━━━ Records supplied

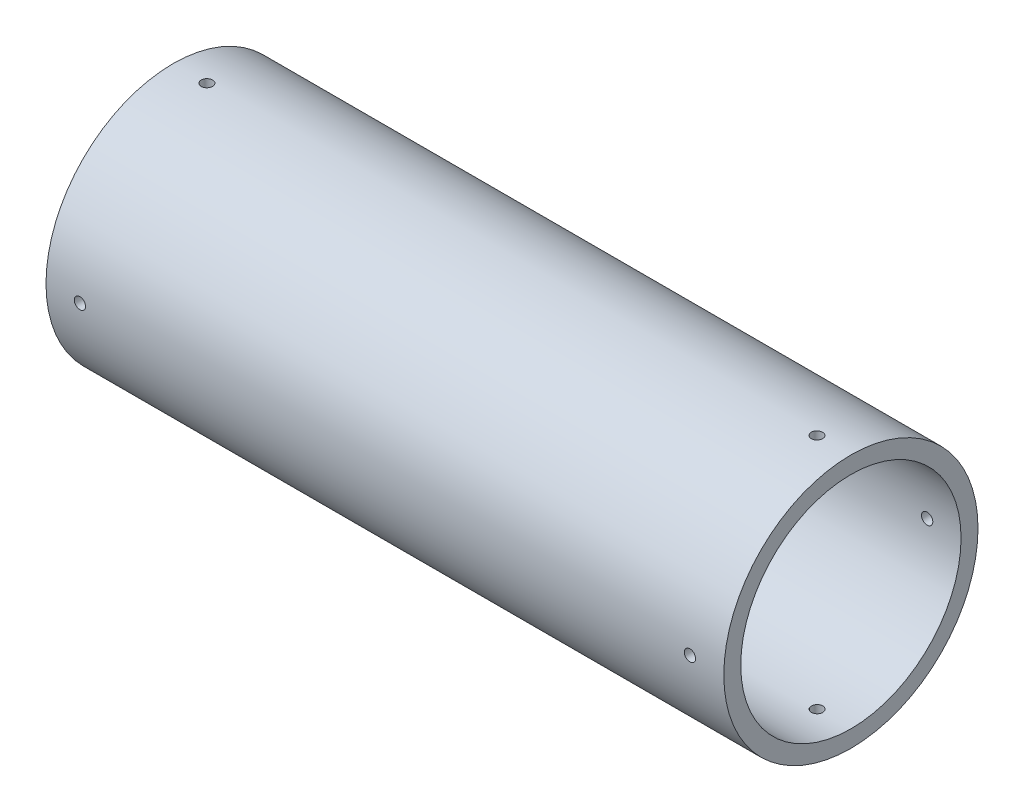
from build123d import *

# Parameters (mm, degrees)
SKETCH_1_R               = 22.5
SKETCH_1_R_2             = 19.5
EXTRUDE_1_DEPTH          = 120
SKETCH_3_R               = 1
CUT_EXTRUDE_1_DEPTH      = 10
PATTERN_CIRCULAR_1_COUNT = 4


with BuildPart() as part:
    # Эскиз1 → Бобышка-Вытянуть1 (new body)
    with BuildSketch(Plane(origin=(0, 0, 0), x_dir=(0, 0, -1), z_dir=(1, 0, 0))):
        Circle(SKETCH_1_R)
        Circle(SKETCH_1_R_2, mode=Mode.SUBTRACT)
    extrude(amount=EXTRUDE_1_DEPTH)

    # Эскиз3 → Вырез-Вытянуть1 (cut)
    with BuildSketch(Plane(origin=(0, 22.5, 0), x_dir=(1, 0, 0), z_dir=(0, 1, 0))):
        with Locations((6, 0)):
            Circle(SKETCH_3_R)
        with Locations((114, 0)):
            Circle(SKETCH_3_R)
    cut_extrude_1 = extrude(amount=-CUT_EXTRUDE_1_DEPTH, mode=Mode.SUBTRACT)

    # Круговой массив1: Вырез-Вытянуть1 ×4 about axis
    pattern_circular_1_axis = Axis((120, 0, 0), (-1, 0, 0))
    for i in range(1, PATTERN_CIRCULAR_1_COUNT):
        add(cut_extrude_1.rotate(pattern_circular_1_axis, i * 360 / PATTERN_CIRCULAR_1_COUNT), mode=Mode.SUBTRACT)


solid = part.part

━━━━━━

» **Work order**: Write the listing out a second time exactly, dropping all images.

» **Exercise solution**:
from build123d import *

# Parameters (mm, degrees)
SKETCH_1_R               = 22.5
SKETCH_1_R_2             = 19.5
EXTRUDE_1_DEPTH          = 120
SKETCH_3_R               = 1
CUT_EXTRUDE_1_DEPTH      = 10
PATTERN_CIRCULAR_1_COUNT = 4


with BuildPart() as part:
    # Эскиз1 → Бобышка-Вытянуть1 (new body)
    with BuildSketch(Plane(origin=(0, 0, 0), x_dir=(0, 0, -1), z_dir=(1, 0, 0))):
        Circle(SKETCH_1_R)
        Circle(SKETCH_1_R_2, mode=Mode.SUBTRACT)
    extrude(amount=EXTRUDE_1_DEPTH)

    # Эскиз3 → Вырез-Вытянуть1 (cut)
    with BuildSketch(Plane(origin=(0, 22.5, 0), x_dir=(1, 0, 0), z_dir=(0, 1, 0))):
        with Locations((6, 0)):
            Circle(SKETCH_3_R)
        with Locations((114, 0)):
            Circle(SKETCH_3_R)
    cut_extrude_1 = extrude(amount=-CUT_EXTRUDE_1_DEPTH, mode=Mode.SUBTRACT)

    # Круговой массив1: Вырез-Вытянуть1 ×4 about axis
    pattern_circular_1_axis = Axis((120, 0, 0), (-1, 0, 0))
    for i in range(1, PATTERN_CIRCULAR_1_COUNT):
        add(cut_extrude_1.rotate(pattern_circular_1_axis, i * 360 / PATTERN_CIRCULAR_1_COUNT), mode=Mode.SUBTRACT)


solid = part.part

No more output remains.